Judge Janice Rogers Brown wrote a concurrence, regarding the detainee's unsuccessful effort to apply Hamdan v. Rumsfeld's analysis of Common Article 3 to other provisions of the Geneva Conventions.

BROWN, J., concurring: Emphasizing the Geneva Convention’s “strong mandatory language,” Op. 8, the panel’s opinion rejected Al Warafi’s proposed “functional” test in favor of the District Court’s “legal conclusion that the identification requirements of Article 24 constitute a sine qua non for protected status under Article 24,” Op. 7. “Without compliance with the requirements of the Geneva Conventions,” we concluded, “the Taliban’s personnel are not entitled to the protection of the Convention.” Op. 8. I write separately only to draw out the unstated significance of our holding.

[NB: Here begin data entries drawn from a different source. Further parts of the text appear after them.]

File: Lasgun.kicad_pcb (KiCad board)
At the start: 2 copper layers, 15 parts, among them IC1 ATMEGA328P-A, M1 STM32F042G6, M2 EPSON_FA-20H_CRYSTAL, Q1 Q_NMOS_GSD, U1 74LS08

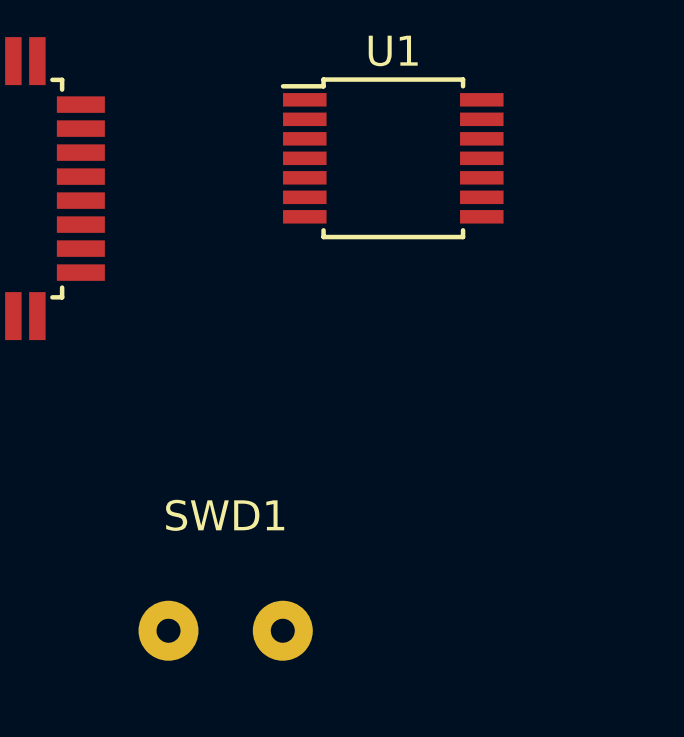
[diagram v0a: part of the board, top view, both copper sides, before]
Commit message: Added IR receiver, tried to tidy up Kicad libs
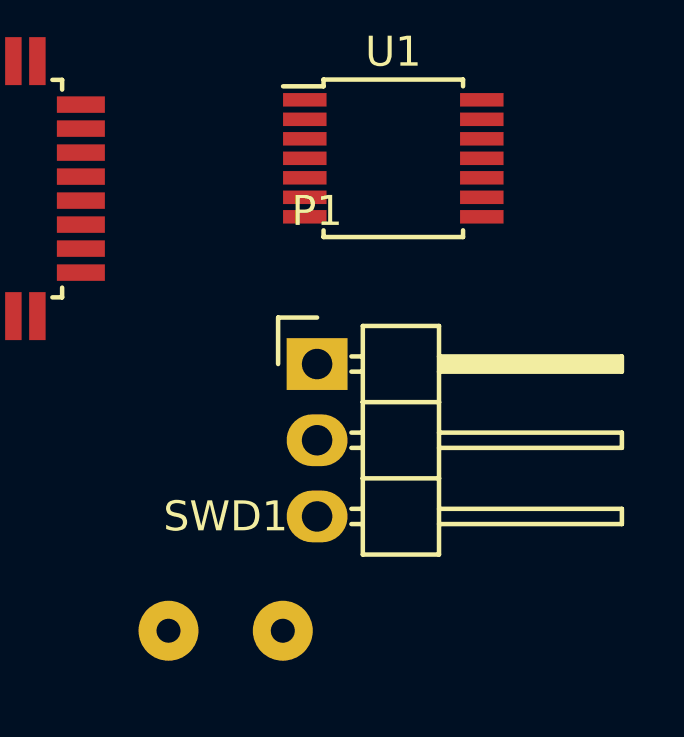
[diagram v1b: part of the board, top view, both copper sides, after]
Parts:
- added P1: CONN_01X03, Pin_Headers:Pin_Header_Angled_1x03, F.Cu at (190.0, 107.7)
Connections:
- IC1 pad 32: (no net) -> IR_RECEIVER1
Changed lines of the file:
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@@
 (kicad_pcb (version 4) (host pcbnew "(2015-05-28 BZR 5690)-product")
   (general
-    (links 34)
-    (no_connects 34)
+    (links 37)
+    (no_connects 37)
     (area 0 0 0 0)
     (thickness 1.6)
@@
     (tracks 0)
     (zones 0)
-    (modules 15)
-    (nets 11)
+    (modules 16)
+    (nets 12)
   )
   (page A4)
@@
   (net 9 "Net-(C5-Pad1)")
   (net 10 "Net-(D1-Pad1)")
+  (net 11 IR_RECEIVER1)
   (net_class Default "This is the default net class."
     (clearance 0.2)
@@
     (add_net +3V3)
     (add_net GND)
+    (add_net IR_RECEIVER1)
     (add_net LED_FET)
     (add_net "Net-(C4-Pad1)")
@@
     (pad 30 smd rect (at -1.2 -4.25 90) (size 1.6 0.55) (layers F.Cu F.Paste F.Mask))
     (pad 31 smd rect (at -2 -4.25 90) (size 1.6 0.55) (layers F.Cu F.Paste F.Mask))
-    (pad 32 smd rect (at -2.8 -4.25 90) (size 1.6 0.55) (layers F.Cu F.Paste F.Mask))
+    (pad 32 smd rect (at -2.8 -4.25 90) (size 1.6 0.55) (layers F.Cu F.Paste F.Mask)
+      (net 11 IR_RECEIVER1))
     (model Housings_QFP.3dshapes/TQFP-32_7x7mm_Pitch0.8mm.wrl
       (at (xyz 0 0 0))
@@
     )
   )
+  (module Pin_Headers:Pin_Header_Angled_1x03 (layer F.Cu)
+    (at 189.992 107.696)
+    (descr "Through hole pin header")
+    (tags "pin header")
+    (fp_text reference P1 (at 0 -5.1) (layer F.SilkS)
+      (effects (font (size 1 1) (thickness 0.15)))
+    )
+    (fp_text value CONN_01X03 (at 0 -3.1) (layer F.Fab)
+      (effects (font (size 1 1) (thickness 0.15)))
+    )
+    (fp_line (start -1.5 -1.75) (end -1.5 6.85) (layer F.CrtYd) (width 0.05))
+    (fp_line (start 10.65 -1.75) (end 10.65 6.85) (layer F.CrtYd) (width 0.05))
+    (fp_line (start -1.5 -1.75) (end 10.65 -1.75) (layer F.CrtYd) (width 0.05))
+    (fp_line (start -1.5 6.85) (end 10.65 6.85) (layer F.CrtYd) (width 0.05))
+    (fp_line (start -1.3 -1.55) (end -1.3 0) (layer F.SilkS) (width 0.15))
+    (fp_line (start 0 -1.55) (end -1.3 -1.55) (layer F.SilkS) (width 0.15))
+    (fp_line (start 4.191 -0.127) (end 10.033 -0.127) (layer F.SilkS) (width 0.15))
+    (fp_line (start 10.033 -0.127) (end 10.033 0.127) (layer F.SilkS) (width 0.15))
+    (fp_line (start 10.033 0.127) (end 4.191 0.127) (layer F.SilkS) (width 0.15))
+    (fp_line (start 4.191 0.127) (end 4.191 0) (layer F.SilkS) (width 0.15))
+    (fp_line (start 4.191 0) (end 10.033 0) (layer F.SilkS) (width 0.15))
+    (fp_line (start 1.524 -0.254) (end 1.143 -0.254) (layer F.SilkS) (width 0.15))
+    (fp_line (start 1.524 0.254) (end 1.143 0.254) (layer F.SilkS) (width 0.15))
+    (fp_line (start 1.524 2.286) (end 1.143 2.286) (layer F.SilkS) (width 0.15))
+    (fp_line (start 1.524 2.794) (end 1.143 2.794) (layer F.SilkS) (width 0.15))
+    (fp_line (start 1.524 4.826) (end 1.143 4.826) (layer F.SilkS) (width 0.15))
+    (fp_line (start 1.524 5.334) (end 1.143 5.334) (layer F.SilkS) (width 0.15))
+    (fp_line (start 4.064 1.27) (end 4.064 -1.27) (layer F.SilkS) (width 0.15))
+    (fp_line (start 10.16 0.254) (end 4.064 0.254) (layer F.SilkS) (width 0.15))
+    (fp_line (start 10.16 -0.254) (end 10.16 0.254) (layer F.SilkS) (width 0.15))
+    (fp_line (start 4.064 -0.254) (end 10.16 -0.254) (layer F.SilkS) (width 0.15))
+    (fp_line (start 1.524 1.27) (end 4.064 1.27) (layer F.SilkS) (width 0.15))
+    (fp_line (start 1.524 -1.27) (end 1.524 1.27) (layer F.SilkS) (width 0.15))
+    (fp_line (start 1.524 -1.27) (end 4.064 -1.27) (layer F.SilkS) (width 0.15))
+    (fp_line (start 1.524 3.81) (end 4.064 3.81) (layer F.SilkS) (width 0.15))
+    (fp_line (start 1.524 3.81) (end 1.524 6.35) (layer F.SilkS) (width 0.15))
+    (fp_line (start 4.064 4.826) (end 10.16 4.826) (layer F.SilkS) (width 0.15))
+    (fp_line (start 10.16 4.826) (end 10.16 5.334) (layer F.SilkS) (width 0.15))
+    (fp_line (start 10.16 5.334) (end 4.064 5.334) (layer F.SilkS) (width 0.15))
+    (fp_line (start 4.064 6.35) (end 4.064 3.81) (layer F.SilkS) (width 0.15))
+    (fp_line (start 4.064 3.81) (end 4.064 1.27) (layer F.SilkS) (width 0.15))
+    (fp_line (start 10.16 2.794) (end 4.064 2.794) (layer F.SilkS) (width 0.15))
+    (fp_line (start 10.16 2.286) (end 10.16 2.794) (layer F.SilkS) (width 0.15))
+    (fp_line (start 4.064 2.286) (end 10.16 2.286) (layer F.SilkS) (width 0.15))
+    (fp_line (start 1.524 3.81) (end 4.064 3.81) (layer F.SilkS) (width 0.15))
+    (fp_line (start 1.524 1.27) (end 1.524 3.81) (layer F.SilkS) (width 0.15))
+    (fp_line (start 1.524 1.27) (end 4.064 1.27) (layer F.SilkS) (width 0.15))
+    (fp_line (start 1.524 6.35) (end 4.064 6.35) (layer F.SilkS) (width 0.15))
+    (pad 1 thru_hole rect (at 0 0) (size 2.032 1.7272) (drill 1.016) (layers *.Cu *.Mask F.SilkS)
+      (net 11 IR_RECEIVER1))
+    (pad 2 thru_hole oval (at 0 2.54) (size 2.032 1.7272) (drill 1.016) (layers *.Cu *.Mask F.SilkS)
+      (net 1 GND))
+    (pad 3 thru_hole oval (at 0 5.08) (size 2.032 1.7272) (drill 1.016) (layers *.Cu *.Mask F.SilkS)
+      (net 2 +3V3))
+    (model Pin_Headers.3dshapes/Pin_Header_Angled_1x03.wrl
+      (at (xyz 0 -0.1 0))
+      (scale (xyz 1 1 1))
+      (rotate (xyz 0 0 90))
+    )
+  )

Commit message: Refined design, added parts, started to plan board
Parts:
- removed C4, C5: C, Capacitors_SMD:C_0603
- removed U1: 74LS08, Housings_SSOP:TSSOP-14_4.4x5mm_Pitch0.65mm
- added BATSIG1: BAT_SIG, Pin_Headers:Pin_Header_Straight_1x02, F.Cu at (130.0, 74.0)
- added CON1: AVR-ISP-6, Pin_Headers:Pin_Header_Straight_2x03, F.Cu at (120.0, 77.0)
- added D2: LED, LEDs:LED-5MM, F.Cu at (157.0, 86.5)
- added P2: CONN_01X03, Pin_Headers:Pin_Header_Angled_1x03, F.Cu at (113.0, 95.5)
- added POW1: R, Resistors_SMD:R_2010_HandSoldering, F.Cu at (148.0, 79.0)
- added POW2: R, Resistors_SMD:R_2010_HandSoldering, F.Cu at (148.0, 74.0)
- added R4: 10K, Resistors_SMD:R_0603, F.Cu at (147.2, 84.2)
- added R5: 1k, Resistors_SMD:R_0603, F.Cu at (145.8, 82.0)
- added R6: 100, Resistors_SMD:R_0603, F.Cu at (147.0, 90.0)
- added cy1: 8pf, Capacitors_SMD:C_0603, F.Cu at (126.0, 94.0)
- added cy2: 8pf, Capacitors_SMD:C_0603, F.Cu at (126.0, 87.0)
- C1, C2, C3: value C -> 100nf
- R1, R2: value R -> 10k
- SWD1: footprint Wire_Pads:SolderWirePad_2x_0-8mmDrill -> Pin_Headers:Pin_Header_Angled_1x02
- moved P1 83.1 mm to (112.0, 79.0), turned to 180 degrees
- moved SWD1 81.1 mm to (112.0, 85.5), turned to 180 degrees
- moved M1 71.0 mm to (119.0, 87.0)
- moved R1 64.7 mm to (116.0, 92.0), turned to 270 degrees
- moved M2 51.7 mm to (126.0, 90.0), turned to 90 degrees
- moved IC1 45.7 mm to (134.0, 89.0)
- moved R3 44.4 mm to (133.0, 82.0)
- moved Q1 39.8 mm to (151.0, 83.3), turned to 270 degrees
- moved R2 36.3 mm to (121.0, 93.0)
- moved C3 31.8 mm to (120.0, 82.0)
- moved C2 28.4 mm to (126.0, 85.0), turned to 180 degrees
- moved D1 28.3 mm to (157.0, 79.0), turned to 90 degrees
- moved C1 18.7 mm to (142.0, 89.0), turned to 90 degrees
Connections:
- D1 pad 2: +3V3 -> Net-(D1-Pad2)
- IC1 pad 12: (no net) -> INPUT_CAPTURE
- IC1 pad 15: (no net) -> AVR_PROG_MOSI
- IC1 pad 16: (no net) -> AVR_PROG_MISO
- IC1 pad 17: (no net) -> AVR_PROG_SCK
- IC1 pad 19: (no net) -> BAT_MON
- IC1 pad 29: !RESET -> ~RESET
- IC1 pad 30: (no net) -> MICRO_RXIN
- IC1 pad 31: (no net) -> MICRO_TXOUT
- M1 pad 19: (no net) -> AVR_PROG_MISO
- M1 pad 20: swdclk -> AVR_PROG_SCK
- M1 pad 4: Net-(M1-Pad4) -> ~RESET
- M1 pad 6: (no net) -> BAT_MON
- M1 pad 7: (no net) -> INPUT_CAPTURE
- M1 pad 8: (no net) -> MICRO_TXOUT
- M1 pad 9: (no net) -> MICRO_RXIN
- Q1 pad 1: LED_FET -> Net-(Q1-Pad1)
- R2 pad 1: Net-(M1-Pad4) -> BAT_MON
- R2 pad 2: +3V3 -> +BATT
- R3 pad 2: !RESET -> ~RESET
- SWD1 pad 1: swdclk -> (no net)
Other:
- board outline added: 50 x 25 mm

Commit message: routing
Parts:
- removed M2: EPSON_FA-20H_CRYSTAL, Ava:Ava-EPSON-FA-20H-CRYSTAL
- removed SWD1: CON_HEADER_1X02-PTH, Pin_Headers:Pin_Header_Angled_1x02
- removed cy1, cy2: 8pf, Capacitors_SMD:C_0603
- added D3: LED, LEDs:LED-3MM, F.Cu at (155.5, 94.5)
- added VREG1: VREG_3PINS-SOT-223, dp_devices:dp_devices-SOT-23, F.Cu at (132.8, 77.5)
- added regc1: 10uf, Capacitors_SMD:C_1206, F.Cu at (140.0, 79.0)
- BATSIG1: footprint Pin_Headers:Pin_Header_Straight_1x02 -> Socket_Strips:Socket_Strip_Angled_1x03
- C1, C2, C3: footprint Capacitors_SMD:C_0603 -> Capacitors_SMD:C_0603_HandSoldering
- R1, R2, R3, R4, R5, R6: footprint Resistors_SMD:R_0603 -> Resistors_SMD:R_0603_HandSoldering
- moved CON1 33.3 mm to (148.5, 94.3), turned to 180 degrees
- moved R2 18.6 mm to (135.2, 81.0), turned to 90 degrees
- moved R5 8.56 mm to (137.2, 81.0), turned to 270 degrees
- moved R6 7.02 mm to (146.5, 83.0), turned to 180 degrees
- moved BATSIG1 6.52 mm to (136.5, 73.5), turned to 180 degrees
- moved R3 5.64 mm to (127.5, 80.8), turned to 270 degrees
- moved C2 4.51 mm to (125.8, 89.5), turned to 270 degrees
- moved R4 2.50 mm to (148.8, 86.2), turned to 0 degrees
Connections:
- BATSIG1 pad 2: +3V3 -> +BATT
- IC1 pad 1: (no net) -> IR_RECEIVER2
- IC1 pad 7: Net-(IC1-Pad7) -> (no net)
- IC1 pad 8: Net-(IC1-Pad8) -> (no net)
- P2 pad 1: (no net) -> IR_RECEIVER2
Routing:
- net +3V3: track 0.00 -> 91.9 mm, vias 0 -> 4
- net ~RESET: track 0.00 -> 49.1 mm, vias 0 -> 4
- net LED_FET: track 0.00 -> 45.5 mm, vias 0 -> 4
- net INPUT_CAPTURE: track 0.00 -> 43.4 mm, vias 0 -> 4
- net AVR_PROG_MISO: track 0.00 -> 42.2 mm, vias 0 -> 2
- net AVR_PROG_SCK: track 0.00 -> 39.4 mm, vias 0 -> 2
- net GND: track 0.00 -> 30.8 mm, vias 0 -> 4
- net IR_RECEIVER1: track 0.00 -> 26.4 mm, vias 0 -> 2
- net +BATT: track 0.00 -> 23.6 mm
- net IR_RECEIVER2: track 0.00 -> 22.4 mm
- net Net-(D1-Pad2): track 0.00 -> 20.1 mm
- net MICRO_RXIN: track 0.00 -> 16.3 mm
- net BAT_MON: track 0.00 -> 16.0 mm, vias 0 -> 2
- net MICRO_TXOUT: track 0.00 -> 16.0 mm, vias 0 -> 2
- net AVR_PROG_MOSI: track 0.00 -> 13.9 mm, vias 0 -> 1
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- added copper zone on B.Cu, net GND
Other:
- net class LEDPower added: clearance 0.2, trace_width 3, via_dia 0.6, via_drill 0.4

In Hamdan v. Rumsfeld, 548 U.S. 557 (2006), the Court interpreted Common Article 3 — so-called because it appears in all four Geneva Conventions — to “afford[] some minimal protection[] falling short of full protection under the Conventions” to members of Al Qaeda, id. at 631, “a transnational terrorist organization whose actions and actors do not fit existing legal norms and sanctions,” Fionnuala Ní Aoláin, Hamdan and Common Article 3: Did the Supreme Court Get It Right?, 91 MINN. L. REV. 1523, 1548 (2007). While it is not clear that the text and purpose of Common Article 3 will bear the weight the Supreme Court assigns to it, that question is now one for the academy, see, e.g., Ingrid Detter, The Law of War and Illegal Combatants, 75 GEO. WASH. L. REV. 1049, 1079–86 (2007), given we are duty bound to apply Hamdan in a manner consistent with its holding.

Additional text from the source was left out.